- [WHAT YOU HAVE TO DO] All that should be output is the block of lines below from the line with "constraint coincident L4 A28.start" to the line with "constraint equal A30 A31", both included, exactly as written.

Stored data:
=== Section Start ===

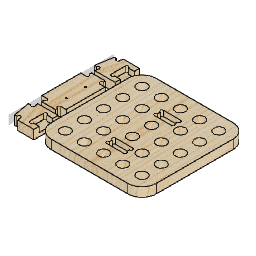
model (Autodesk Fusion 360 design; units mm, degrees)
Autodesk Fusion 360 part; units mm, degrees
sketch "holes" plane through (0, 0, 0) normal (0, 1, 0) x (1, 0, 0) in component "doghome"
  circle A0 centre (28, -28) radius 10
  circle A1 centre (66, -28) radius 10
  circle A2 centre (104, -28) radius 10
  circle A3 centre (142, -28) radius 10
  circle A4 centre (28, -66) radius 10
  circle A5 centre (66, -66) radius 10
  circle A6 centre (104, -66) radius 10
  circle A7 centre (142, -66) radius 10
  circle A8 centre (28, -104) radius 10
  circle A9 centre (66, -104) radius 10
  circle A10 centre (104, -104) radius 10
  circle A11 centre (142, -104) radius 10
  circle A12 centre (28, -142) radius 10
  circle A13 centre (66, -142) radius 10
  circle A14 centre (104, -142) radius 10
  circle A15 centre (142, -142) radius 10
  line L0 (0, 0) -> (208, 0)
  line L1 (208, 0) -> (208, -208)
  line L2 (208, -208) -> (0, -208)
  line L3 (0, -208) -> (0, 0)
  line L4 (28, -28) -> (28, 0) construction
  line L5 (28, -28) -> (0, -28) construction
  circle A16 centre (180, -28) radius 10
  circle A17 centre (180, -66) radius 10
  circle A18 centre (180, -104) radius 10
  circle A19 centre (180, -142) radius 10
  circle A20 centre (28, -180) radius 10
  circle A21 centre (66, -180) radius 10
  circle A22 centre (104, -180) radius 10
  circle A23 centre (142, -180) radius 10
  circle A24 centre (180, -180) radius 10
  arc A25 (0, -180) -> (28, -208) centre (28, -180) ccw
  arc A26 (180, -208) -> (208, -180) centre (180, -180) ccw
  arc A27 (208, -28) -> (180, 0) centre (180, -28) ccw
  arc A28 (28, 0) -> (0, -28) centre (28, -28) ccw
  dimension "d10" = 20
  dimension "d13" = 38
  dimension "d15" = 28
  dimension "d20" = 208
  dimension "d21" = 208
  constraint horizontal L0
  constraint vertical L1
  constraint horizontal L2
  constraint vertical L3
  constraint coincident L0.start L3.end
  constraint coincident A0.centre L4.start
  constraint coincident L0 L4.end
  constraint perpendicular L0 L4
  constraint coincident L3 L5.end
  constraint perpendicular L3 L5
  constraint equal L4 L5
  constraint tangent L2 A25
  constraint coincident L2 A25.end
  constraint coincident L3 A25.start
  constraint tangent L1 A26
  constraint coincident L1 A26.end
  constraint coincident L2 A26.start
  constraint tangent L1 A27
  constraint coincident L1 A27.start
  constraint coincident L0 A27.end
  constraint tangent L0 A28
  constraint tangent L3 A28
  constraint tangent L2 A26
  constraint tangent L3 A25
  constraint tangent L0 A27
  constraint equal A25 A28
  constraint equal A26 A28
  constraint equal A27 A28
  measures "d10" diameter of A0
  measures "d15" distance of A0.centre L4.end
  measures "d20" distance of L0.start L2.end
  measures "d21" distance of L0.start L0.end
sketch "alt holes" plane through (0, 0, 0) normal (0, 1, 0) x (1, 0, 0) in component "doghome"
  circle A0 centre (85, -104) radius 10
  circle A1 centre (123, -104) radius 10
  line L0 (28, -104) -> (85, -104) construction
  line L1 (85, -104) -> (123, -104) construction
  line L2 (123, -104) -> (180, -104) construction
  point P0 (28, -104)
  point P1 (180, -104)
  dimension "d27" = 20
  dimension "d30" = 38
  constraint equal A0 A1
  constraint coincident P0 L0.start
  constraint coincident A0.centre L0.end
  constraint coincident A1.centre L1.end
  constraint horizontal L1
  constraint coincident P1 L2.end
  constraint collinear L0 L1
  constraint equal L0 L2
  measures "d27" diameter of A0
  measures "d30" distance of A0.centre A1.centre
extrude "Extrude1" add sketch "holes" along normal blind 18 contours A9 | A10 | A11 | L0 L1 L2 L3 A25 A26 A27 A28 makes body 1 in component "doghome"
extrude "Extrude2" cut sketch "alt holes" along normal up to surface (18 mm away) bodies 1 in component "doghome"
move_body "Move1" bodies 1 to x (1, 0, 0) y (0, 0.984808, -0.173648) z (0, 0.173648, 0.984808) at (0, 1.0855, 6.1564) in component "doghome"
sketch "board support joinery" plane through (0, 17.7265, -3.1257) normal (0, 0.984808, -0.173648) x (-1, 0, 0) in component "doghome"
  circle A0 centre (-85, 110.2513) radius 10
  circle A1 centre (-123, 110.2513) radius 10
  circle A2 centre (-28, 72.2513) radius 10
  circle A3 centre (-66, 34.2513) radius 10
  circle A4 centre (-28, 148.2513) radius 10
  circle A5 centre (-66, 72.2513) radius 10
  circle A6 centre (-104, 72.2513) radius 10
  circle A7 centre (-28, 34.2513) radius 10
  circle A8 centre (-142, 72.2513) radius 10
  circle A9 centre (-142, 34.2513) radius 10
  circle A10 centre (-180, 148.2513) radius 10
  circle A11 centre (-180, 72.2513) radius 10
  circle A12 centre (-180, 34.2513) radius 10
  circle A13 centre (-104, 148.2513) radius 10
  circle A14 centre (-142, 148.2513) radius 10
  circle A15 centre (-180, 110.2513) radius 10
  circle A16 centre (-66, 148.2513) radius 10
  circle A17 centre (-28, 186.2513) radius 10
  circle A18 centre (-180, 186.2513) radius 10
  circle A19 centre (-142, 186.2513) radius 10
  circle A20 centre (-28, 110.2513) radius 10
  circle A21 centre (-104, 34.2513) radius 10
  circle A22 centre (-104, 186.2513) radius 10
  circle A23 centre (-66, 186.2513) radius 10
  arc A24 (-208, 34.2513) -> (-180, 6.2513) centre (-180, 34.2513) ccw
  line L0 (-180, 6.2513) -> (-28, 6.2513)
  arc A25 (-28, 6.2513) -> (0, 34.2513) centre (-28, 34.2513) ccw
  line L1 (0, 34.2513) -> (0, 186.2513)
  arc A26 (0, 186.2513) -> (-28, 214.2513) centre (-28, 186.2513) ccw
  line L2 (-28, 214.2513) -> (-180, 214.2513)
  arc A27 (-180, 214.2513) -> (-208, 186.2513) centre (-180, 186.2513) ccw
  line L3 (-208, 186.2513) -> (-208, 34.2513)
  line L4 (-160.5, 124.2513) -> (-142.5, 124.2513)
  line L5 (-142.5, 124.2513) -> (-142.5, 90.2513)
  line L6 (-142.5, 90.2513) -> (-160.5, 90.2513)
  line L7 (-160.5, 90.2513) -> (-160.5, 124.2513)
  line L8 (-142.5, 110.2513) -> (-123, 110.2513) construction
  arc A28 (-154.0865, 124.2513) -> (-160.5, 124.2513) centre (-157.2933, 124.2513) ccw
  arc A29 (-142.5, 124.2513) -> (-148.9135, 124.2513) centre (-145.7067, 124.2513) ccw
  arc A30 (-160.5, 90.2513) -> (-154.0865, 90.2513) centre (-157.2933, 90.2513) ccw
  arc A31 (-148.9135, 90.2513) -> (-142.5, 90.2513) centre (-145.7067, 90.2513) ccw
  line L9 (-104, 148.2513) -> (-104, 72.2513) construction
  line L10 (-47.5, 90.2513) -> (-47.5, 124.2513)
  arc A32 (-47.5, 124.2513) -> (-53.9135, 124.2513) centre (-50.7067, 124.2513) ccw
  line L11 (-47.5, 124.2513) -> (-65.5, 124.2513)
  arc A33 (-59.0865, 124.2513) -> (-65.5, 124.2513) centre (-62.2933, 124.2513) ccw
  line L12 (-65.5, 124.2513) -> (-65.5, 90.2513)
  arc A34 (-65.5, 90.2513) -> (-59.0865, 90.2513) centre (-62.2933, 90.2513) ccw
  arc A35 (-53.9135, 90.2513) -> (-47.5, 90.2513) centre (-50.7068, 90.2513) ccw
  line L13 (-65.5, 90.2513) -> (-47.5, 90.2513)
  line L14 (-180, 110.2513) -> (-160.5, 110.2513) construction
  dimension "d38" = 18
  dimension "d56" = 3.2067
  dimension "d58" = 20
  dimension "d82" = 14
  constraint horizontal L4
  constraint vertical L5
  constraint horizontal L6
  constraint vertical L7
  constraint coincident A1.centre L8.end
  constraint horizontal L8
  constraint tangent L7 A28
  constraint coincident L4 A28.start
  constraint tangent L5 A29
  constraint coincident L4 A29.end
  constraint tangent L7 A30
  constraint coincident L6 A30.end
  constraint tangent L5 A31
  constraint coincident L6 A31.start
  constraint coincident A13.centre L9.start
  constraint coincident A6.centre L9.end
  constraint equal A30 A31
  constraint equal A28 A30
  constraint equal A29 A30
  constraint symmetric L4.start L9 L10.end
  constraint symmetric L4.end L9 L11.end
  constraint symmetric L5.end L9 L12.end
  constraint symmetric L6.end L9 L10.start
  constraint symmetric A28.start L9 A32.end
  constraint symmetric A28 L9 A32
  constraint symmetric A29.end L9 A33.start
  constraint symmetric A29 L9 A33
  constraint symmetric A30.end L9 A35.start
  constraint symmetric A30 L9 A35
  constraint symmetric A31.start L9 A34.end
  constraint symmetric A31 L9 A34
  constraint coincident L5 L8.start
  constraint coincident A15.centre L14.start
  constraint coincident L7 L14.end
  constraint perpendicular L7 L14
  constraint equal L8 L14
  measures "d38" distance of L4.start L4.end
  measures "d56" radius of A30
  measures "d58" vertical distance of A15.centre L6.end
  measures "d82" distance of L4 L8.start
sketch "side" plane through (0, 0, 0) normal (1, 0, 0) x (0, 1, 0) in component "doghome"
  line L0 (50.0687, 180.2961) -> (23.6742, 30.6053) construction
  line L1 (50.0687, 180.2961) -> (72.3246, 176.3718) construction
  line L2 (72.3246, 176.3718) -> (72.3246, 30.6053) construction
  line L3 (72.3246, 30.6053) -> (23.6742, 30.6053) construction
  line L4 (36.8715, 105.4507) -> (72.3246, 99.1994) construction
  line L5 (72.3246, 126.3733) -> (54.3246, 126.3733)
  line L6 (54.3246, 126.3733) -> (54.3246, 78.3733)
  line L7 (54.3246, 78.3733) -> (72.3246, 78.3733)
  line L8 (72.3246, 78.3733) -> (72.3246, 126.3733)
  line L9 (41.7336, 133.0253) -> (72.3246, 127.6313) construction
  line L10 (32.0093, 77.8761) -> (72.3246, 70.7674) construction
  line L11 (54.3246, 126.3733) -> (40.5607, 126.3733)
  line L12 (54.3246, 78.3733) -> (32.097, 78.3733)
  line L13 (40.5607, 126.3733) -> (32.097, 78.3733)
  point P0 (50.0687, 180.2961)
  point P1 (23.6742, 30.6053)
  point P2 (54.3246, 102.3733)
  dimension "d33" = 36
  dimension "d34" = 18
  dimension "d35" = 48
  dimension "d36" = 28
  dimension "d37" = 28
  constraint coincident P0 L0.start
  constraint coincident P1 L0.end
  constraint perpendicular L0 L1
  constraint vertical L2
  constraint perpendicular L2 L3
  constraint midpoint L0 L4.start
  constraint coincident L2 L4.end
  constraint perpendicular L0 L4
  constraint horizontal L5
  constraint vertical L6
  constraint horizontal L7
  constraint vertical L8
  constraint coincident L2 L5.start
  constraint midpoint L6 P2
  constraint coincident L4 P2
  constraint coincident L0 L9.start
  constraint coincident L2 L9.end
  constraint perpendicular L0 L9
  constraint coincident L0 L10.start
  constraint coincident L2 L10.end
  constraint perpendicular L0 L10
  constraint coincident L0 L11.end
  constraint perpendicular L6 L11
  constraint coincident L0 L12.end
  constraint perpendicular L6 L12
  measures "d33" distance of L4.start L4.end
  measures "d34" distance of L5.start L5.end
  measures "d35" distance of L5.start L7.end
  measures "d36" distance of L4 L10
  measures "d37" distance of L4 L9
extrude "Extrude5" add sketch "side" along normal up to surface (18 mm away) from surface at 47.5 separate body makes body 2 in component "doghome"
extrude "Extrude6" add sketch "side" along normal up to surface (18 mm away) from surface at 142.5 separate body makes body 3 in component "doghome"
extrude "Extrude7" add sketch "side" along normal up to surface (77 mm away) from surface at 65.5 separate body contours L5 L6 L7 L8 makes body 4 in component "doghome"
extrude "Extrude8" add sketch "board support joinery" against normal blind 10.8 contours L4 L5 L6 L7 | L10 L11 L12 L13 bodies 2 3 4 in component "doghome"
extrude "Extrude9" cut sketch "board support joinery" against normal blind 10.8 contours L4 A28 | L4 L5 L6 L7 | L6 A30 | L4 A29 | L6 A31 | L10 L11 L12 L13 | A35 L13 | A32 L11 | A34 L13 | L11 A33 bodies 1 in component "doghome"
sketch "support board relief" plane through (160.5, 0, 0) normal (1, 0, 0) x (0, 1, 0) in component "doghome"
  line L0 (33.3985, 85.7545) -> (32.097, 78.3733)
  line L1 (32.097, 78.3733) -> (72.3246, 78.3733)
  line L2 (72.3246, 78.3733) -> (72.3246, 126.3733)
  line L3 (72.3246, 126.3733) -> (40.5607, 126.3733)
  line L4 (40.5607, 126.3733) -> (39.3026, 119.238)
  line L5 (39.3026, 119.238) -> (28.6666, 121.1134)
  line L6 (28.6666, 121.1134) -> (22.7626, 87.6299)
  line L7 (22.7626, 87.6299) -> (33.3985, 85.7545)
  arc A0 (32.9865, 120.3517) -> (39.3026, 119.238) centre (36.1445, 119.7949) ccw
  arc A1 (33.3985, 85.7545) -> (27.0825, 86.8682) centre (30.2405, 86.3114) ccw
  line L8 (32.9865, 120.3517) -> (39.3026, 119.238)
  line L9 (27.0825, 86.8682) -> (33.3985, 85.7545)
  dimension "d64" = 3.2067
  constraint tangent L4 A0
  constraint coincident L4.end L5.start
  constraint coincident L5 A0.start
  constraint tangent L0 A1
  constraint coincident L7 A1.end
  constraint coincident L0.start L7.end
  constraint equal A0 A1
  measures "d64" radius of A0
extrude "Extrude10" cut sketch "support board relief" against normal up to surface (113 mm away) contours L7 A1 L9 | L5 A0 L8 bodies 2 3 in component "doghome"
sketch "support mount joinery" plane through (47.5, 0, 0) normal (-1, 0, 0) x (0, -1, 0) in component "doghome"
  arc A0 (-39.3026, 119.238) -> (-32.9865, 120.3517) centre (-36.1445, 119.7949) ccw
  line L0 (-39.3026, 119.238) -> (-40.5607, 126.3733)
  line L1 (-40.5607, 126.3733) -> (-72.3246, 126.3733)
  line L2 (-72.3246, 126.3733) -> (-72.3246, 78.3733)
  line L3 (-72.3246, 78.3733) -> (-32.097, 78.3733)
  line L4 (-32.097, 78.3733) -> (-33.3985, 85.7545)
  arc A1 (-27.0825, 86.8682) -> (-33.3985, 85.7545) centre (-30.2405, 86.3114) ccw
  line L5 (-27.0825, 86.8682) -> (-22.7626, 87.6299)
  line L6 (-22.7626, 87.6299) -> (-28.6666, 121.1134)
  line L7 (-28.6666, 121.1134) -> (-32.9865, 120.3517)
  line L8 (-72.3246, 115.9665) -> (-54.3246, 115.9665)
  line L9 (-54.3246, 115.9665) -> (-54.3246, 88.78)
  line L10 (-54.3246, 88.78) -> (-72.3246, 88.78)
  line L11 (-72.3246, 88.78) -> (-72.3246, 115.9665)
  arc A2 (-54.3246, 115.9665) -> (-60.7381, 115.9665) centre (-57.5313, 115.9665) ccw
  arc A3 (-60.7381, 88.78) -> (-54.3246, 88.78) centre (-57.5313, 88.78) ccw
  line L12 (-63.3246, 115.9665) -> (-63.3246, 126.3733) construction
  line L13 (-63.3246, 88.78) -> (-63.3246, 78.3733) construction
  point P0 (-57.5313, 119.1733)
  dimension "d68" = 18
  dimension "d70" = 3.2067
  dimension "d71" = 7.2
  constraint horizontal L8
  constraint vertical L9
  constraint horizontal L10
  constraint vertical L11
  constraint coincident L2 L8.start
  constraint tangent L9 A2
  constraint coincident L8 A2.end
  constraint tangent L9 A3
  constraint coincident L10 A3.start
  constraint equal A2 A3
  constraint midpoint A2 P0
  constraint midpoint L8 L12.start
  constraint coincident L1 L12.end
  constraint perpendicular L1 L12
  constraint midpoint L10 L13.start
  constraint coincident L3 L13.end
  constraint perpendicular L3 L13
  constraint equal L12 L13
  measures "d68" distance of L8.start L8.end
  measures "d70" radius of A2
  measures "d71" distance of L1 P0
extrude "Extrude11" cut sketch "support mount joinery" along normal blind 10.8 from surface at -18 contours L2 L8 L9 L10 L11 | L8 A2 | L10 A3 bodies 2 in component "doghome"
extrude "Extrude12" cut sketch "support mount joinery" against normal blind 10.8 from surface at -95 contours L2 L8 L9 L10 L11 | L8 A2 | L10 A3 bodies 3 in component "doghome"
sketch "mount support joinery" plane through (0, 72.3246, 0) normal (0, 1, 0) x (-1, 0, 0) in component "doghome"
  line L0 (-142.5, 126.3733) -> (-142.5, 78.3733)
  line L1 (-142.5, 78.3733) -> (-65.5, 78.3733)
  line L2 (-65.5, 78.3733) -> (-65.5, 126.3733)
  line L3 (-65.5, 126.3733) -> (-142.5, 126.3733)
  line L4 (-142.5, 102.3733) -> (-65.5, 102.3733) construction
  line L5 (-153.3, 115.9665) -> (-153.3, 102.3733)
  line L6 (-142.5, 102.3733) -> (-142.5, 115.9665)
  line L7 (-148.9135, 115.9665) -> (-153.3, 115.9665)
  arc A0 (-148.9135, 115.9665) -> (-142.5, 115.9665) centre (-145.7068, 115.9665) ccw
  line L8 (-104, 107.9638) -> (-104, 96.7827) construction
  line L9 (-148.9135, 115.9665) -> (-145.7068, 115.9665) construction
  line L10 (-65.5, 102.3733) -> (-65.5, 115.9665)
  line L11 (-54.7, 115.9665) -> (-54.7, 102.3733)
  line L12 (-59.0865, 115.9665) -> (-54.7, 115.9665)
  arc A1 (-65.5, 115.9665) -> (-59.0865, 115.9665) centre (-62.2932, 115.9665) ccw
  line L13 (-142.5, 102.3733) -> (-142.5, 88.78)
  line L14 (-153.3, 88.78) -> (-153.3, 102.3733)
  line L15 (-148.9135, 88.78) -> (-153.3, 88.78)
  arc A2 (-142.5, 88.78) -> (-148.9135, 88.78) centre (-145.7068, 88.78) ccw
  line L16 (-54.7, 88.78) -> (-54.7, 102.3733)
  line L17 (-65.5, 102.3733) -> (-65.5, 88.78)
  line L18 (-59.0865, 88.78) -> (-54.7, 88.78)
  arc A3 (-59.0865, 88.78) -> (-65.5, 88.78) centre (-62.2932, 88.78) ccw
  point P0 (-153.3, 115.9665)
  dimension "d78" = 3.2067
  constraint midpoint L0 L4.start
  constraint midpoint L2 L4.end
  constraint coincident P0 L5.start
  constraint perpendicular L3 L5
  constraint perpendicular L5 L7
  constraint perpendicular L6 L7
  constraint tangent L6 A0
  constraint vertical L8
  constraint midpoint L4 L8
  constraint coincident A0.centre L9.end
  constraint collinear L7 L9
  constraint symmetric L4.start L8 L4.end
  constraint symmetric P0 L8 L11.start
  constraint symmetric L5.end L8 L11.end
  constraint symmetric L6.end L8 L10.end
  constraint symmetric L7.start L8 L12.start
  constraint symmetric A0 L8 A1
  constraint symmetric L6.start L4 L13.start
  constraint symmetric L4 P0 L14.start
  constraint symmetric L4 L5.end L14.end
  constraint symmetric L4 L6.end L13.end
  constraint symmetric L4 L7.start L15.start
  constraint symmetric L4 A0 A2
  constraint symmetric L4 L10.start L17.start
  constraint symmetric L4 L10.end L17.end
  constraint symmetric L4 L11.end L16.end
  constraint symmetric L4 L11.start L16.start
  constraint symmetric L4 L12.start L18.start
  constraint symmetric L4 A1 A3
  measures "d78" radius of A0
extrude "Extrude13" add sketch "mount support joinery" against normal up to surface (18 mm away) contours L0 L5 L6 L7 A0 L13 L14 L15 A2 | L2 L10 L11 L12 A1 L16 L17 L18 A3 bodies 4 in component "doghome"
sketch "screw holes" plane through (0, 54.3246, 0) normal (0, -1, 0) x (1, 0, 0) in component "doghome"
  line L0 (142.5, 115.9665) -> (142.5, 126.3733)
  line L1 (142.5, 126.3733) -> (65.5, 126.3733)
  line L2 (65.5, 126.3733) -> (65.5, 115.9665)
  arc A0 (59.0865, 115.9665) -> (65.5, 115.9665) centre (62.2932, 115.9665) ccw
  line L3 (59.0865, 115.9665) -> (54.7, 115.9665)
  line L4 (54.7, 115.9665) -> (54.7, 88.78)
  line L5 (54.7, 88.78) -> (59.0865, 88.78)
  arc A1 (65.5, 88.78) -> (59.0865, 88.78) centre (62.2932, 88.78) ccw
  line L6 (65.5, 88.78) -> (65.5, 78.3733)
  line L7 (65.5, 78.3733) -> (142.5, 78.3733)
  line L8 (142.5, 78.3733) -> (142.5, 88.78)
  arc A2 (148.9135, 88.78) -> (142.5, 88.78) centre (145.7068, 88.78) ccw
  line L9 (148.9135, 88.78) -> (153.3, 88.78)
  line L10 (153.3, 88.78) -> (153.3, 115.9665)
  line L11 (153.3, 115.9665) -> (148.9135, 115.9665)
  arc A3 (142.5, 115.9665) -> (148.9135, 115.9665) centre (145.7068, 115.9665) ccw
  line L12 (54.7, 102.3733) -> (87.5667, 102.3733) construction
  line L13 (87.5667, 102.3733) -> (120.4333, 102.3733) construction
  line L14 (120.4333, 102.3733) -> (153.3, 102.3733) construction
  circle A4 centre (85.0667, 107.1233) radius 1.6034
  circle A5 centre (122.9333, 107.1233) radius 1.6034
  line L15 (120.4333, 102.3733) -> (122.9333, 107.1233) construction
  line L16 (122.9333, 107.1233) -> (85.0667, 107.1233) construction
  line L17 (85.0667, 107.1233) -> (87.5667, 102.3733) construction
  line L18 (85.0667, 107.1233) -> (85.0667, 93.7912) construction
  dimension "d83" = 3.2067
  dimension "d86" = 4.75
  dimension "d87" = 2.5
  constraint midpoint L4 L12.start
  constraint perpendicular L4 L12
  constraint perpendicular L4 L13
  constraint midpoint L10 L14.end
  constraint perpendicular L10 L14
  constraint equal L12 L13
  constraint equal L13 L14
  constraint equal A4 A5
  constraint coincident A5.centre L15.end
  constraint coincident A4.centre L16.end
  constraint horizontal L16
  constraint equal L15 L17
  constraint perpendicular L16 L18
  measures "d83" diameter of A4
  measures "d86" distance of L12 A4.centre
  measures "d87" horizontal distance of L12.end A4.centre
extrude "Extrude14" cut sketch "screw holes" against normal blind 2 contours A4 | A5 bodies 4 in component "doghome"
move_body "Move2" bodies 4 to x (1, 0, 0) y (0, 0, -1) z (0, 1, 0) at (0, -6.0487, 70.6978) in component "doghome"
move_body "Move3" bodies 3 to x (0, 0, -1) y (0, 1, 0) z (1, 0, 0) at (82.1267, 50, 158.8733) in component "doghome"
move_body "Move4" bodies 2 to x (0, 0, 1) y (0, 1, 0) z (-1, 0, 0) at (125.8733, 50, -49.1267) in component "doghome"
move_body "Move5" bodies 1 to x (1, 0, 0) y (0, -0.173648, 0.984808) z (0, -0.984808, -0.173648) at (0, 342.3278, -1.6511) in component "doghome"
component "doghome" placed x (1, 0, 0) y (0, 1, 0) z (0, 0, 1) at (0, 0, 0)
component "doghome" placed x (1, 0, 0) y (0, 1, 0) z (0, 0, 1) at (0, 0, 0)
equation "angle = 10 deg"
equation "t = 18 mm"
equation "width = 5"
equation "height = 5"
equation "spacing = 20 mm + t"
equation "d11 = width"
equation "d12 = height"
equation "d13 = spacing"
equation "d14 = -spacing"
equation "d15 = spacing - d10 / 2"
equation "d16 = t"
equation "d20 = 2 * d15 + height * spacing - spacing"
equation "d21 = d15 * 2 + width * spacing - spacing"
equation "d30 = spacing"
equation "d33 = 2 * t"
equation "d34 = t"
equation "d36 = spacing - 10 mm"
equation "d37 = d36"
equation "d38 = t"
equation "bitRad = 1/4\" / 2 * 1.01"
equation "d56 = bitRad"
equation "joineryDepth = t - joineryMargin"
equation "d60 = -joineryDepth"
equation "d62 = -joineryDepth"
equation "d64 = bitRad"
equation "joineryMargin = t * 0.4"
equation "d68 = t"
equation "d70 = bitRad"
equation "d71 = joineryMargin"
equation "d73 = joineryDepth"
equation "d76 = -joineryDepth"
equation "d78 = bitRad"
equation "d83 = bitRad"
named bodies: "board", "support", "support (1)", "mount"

=== Section End ===

- [THE ANSWER]
  constraint coincident L4 A28.start
  constraint tangent L5 A29
  constraint coincident L4 A29.end
  constraint tangent L7 A30
  constraint coincident L6 A30.end
  constraint tangent L5 A31
  constraint coincident L6 A31.start
  constraint coincident A13.centre L9.start
  constraint coincident A6.centre L9.end
  constraint equal A30 A31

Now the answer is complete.